TASK INSTRUCTIONS: Copy out the data below, all of it, exactly.

DATA IN THIS EXERCISE:
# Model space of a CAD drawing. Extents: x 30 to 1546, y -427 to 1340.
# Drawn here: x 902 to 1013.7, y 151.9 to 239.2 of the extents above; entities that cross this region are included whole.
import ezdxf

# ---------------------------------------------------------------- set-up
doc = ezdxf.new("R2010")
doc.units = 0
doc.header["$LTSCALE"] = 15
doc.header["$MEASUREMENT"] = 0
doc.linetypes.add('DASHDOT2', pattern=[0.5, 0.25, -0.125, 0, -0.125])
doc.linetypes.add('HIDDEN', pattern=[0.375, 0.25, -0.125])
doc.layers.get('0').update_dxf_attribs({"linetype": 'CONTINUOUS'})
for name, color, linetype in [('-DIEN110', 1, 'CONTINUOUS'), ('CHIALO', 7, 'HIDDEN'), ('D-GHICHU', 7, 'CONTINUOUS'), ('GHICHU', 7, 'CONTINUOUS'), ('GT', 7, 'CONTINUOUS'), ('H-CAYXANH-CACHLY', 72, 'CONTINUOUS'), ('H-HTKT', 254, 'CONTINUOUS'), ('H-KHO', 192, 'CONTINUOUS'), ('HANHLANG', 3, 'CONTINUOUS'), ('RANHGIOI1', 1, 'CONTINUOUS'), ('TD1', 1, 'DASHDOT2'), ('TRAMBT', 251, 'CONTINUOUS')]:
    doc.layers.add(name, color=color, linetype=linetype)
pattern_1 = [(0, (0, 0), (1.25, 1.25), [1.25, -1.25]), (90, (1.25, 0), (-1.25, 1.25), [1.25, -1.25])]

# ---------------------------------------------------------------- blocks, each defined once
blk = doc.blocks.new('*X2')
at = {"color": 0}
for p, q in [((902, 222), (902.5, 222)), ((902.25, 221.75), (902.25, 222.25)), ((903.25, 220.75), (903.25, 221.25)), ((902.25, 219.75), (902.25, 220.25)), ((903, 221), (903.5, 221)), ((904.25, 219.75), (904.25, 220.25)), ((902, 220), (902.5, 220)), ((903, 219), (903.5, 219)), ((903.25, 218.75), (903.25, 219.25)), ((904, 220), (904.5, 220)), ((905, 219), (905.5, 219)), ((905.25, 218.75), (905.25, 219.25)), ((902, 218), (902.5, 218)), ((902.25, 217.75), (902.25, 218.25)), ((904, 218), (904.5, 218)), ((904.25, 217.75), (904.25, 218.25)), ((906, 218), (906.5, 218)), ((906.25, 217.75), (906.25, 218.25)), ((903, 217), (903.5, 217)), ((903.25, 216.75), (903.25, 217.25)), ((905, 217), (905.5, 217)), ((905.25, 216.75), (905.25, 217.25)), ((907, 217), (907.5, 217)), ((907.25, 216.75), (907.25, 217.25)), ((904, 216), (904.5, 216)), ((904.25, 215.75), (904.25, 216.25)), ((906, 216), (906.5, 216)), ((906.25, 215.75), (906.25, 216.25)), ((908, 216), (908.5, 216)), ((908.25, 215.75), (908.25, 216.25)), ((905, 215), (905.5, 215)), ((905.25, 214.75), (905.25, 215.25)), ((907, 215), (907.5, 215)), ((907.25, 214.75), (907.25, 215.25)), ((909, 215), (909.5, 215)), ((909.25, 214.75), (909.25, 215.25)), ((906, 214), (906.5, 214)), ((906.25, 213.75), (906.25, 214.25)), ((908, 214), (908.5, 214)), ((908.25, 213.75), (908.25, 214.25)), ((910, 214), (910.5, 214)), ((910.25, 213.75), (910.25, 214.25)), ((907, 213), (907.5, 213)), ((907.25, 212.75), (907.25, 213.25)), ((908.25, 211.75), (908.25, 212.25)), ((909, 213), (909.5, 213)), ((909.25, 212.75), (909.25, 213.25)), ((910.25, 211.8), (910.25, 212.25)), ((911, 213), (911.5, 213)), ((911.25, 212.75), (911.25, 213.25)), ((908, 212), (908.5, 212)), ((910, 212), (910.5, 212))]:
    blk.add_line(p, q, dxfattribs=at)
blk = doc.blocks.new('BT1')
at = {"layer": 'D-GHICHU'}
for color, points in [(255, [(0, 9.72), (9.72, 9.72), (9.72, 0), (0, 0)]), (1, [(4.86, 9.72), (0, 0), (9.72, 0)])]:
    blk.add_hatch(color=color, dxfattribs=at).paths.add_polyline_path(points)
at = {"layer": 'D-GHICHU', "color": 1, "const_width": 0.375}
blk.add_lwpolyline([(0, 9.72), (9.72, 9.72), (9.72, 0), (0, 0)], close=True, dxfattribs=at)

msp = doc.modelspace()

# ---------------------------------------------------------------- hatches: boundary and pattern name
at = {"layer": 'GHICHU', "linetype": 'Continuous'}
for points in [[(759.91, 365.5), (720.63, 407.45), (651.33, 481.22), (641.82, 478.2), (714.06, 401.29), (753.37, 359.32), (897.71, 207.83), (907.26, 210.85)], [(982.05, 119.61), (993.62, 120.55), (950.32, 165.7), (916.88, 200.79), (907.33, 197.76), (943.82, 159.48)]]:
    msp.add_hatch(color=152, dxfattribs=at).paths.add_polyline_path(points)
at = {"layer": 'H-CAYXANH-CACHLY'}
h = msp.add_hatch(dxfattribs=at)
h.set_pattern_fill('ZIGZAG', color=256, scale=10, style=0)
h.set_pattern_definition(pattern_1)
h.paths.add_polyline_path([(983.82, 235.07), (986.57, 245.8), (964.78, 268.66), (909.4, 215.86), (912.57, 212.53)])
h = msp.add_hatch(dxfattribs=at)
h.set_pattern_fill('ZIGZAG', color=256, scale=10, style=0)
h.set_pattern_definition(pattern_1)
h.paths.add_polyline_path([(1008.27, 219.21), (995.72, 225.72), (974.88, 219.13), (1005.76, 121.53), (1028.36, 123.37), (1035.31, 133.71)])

RESPONSE BOX:
# Model space of a CAD drawing. Extents: x 30 to 1546, y -427 to 1340.
# Drawn here: x 902 to 1013.7, y 151.9 to 239.2 of the extents above; entities that cross this region are included whole.
import ezdxf

# ---------------------------------------------------------------- set-up
doc = ezdxf.new("R2010")
doc.units = 0
doc.header["$LTSCALE"] = 15
doc.header["$MEASUREMENT"] = 0
doc.linetypes.add('DASHDOT2', pattern=[0.5, 0.25, -0.125, 0, -0.125])
doc.linetypes.add('HIDDEN', pattern=[0.375, 0.25, -0.125])
doc.layers.get('0').update_dxf_attribs({"linetype": 'CONTINUOUS'})
for name, color, linetype in [('-DIEN110', 1, 'CONTINUOUS'), ('CHIALO', 7, 'HIDDEN'), ('D-GHICHU', 7, 'CONTINUOUS'), ('GHICHU', 7, 'CONTINUOUS'), ('GT', 7, 'CONTINUOUS'), ('H-CAYXANH-CACHLY', 72, 'CONTINUOUS'), ('H-HTKT', 254, 'CONTINUOUS'), ('H-KHO', 192, 'CONTINUOUS'), ('HANHLANG', 3, 'CONTINUOUS'), ('RANHGIOI1', 1, 'CONTINUOUS'), ('TD1', 1, 'DASHDOT2'), ('TRAMBT', 251, 'CONTINUOUS')]:
    doc.layers.add(name, color=color, linetype=linetype)
pattern_1 = [(0, (0, 0), (1.25, 1.25), [1.25, -1.25]), (90, (1.25, 0), (-1.25, 1.25), [1.25, -1.25])]

# ---------------------------------------------------------------- blocks, each defined once
blk = doc.blocks.new('*X2')
at = {"color": 0}
for p, q in [((902, 222), (902.5, 222)), ((902.25, 221.75), (902.25, 222.25)), ((903.25, 220.75), (903.25, 221.25)), ((902.25, 219.75), (902.25, 220.25)), ((903, 221), (903.5, 221)), ((904.25, 219.75), (904.25, 220.25)), ((902, 220), (902.5, 220)), ((903, 219), (903.5, 219)), ((903.25, 218.75), (903.25, 219.25)), ((904, 220), (904.5, 220)), ((905, 219), (905.5, 219)), ((905.25, 218.75), (905.25, 219.25)), ((902, 218), (902.5, 218)), ((902.25, 217.75), (902.25, 218.25)), ((904, 218), (904.5, 218)), ((904.25, 217.75), (904.25, 218.25)), ((906, 218), (906.5, 218)), ((906.25, 217.75), (906.25, 218.25)), ((903, 217), (903.5, 217)), ((903.25, 216.75), (903.25, 217.25)), ((905, 217), (905.5, 217)), ((905.25, 216.75), (905.25, 217.25)), ((907, 217), (907.5, 217)), ((907.25, 216.75), (907.25, 217.25)), ((904, 216), (904.5, 216)), ((904.25, 215.75), (904.25, 216.25)), ((906, 216), (906.5, 216)), ((906.25, 215.75), (906.25, 216.25)), ((908, 216), (908.5, 216)), ((908.25, 215.75), (908.25, 216.25)), ((905, 215), (905.5, 215)), ((905.25, 214.75), (905.25, 215.25)), ((907, 215), (907.5, 215)), ((907.25, 214.75), (907.25, 215.25)), ((909, 215), (909.5, 215)), ((909.25, 214.75), (909.25, 215.25)), ((906, 214), (906.5, 214)), ((906.25, 213.75), (906.25, 214.25)), ((908, 214), (908.5, 214)), ((908.25, 213.75), (908.25, 214.25)), ((910, 214), (910.5, 214)), ((910.25, 213.75), (910.25, 214.25)), ((907, 213), (907.5, 213)), ((907.25, 212.75), (907.25, 213.25)), ((908.25, 211.75), (908.25, 212.25)), ((909, 213), (909.5, 213)), ((909.25, 212.75), (909.25, 213.25)), ((910.25, 211.8), (910.25, 212.25)), ((911, 213), (911.5, 213)), ((911.25, 212.75), (911.25, 213.25)), ((908, 212), (908.5, 212)), ((910, 212), (910.5, 212))]:
    blk.add_line(p, q, dxfattribs=at)
blk = doc.blocks.new('BT1')
at = {"layer": 'D-GHICHU'}
for color, points in [(255, [(0, 9.72), (9.72, 9.72), (9.72, 0), (0, 0)]), (1, [(4.86, 9.72), (0, 0), (9.72, 0)])]:
    blk.add_hatch(color=color, dxfattribs=at).paths.add_polyline_path(points)
at = {"layer": 'D-GHICHU', "color": 1, "const_width": 0.375}
blk.add_lwpolyline([(0, 9.72), (9.72, 9.72), (9.72, 0), (0, 0)], close=True, dxfattribs=at)

msp = doc.modelspace()

# ---------------------------------------------------------------- hatches: boundary and pattern name
at = {"layer": 'GHICHU', "linetype": 'Continuous'}
for points in [[(759.91, 365.5), (720.63, 407.45), (651.33, 481.22), (641.82, 478.2), (714.06, 401.29), (753.37, 359.32), (897.71, 207.83), (907.26, 210.85)], [(982.05, 119.61), (993.62, 120.55), (950.32, 165.7), (916.88, 200.79), (907.33, 197.76), (943.82, 159.48)]]:
    msp.add_hatch(color=152, dxfattribs=at).paths.add_polyline_path(points)
at = {"layer": 'H-CAYXANH-CACHLY'}
h = msp.add_hatch(dxfattribs=at)
h.set_pattern_fill('ZIGZAG', color=256, scale=10, style=0)
h.set_pattern_definition(pattern_1)
h.paths.add_polyline_path([(983.82, 235.07), (986.57, 245.8), (964.78, 268.66), (909.4, 215.86), (912.57, 212.53)])
h = msp.add_hatch(dxfattribs=at)
h.set_pattern_fill('ZIGZAG', color=256, scale=10, style=0)
h.set_pattern_definition(pattern_1)
h.paths.add_polyline_path([(1008.27, 219.21), (995.72, 225.72), (974.88, 219.13), (1005.76, 121.53), (1028.36, 123.37), (1035.31, 133.71)])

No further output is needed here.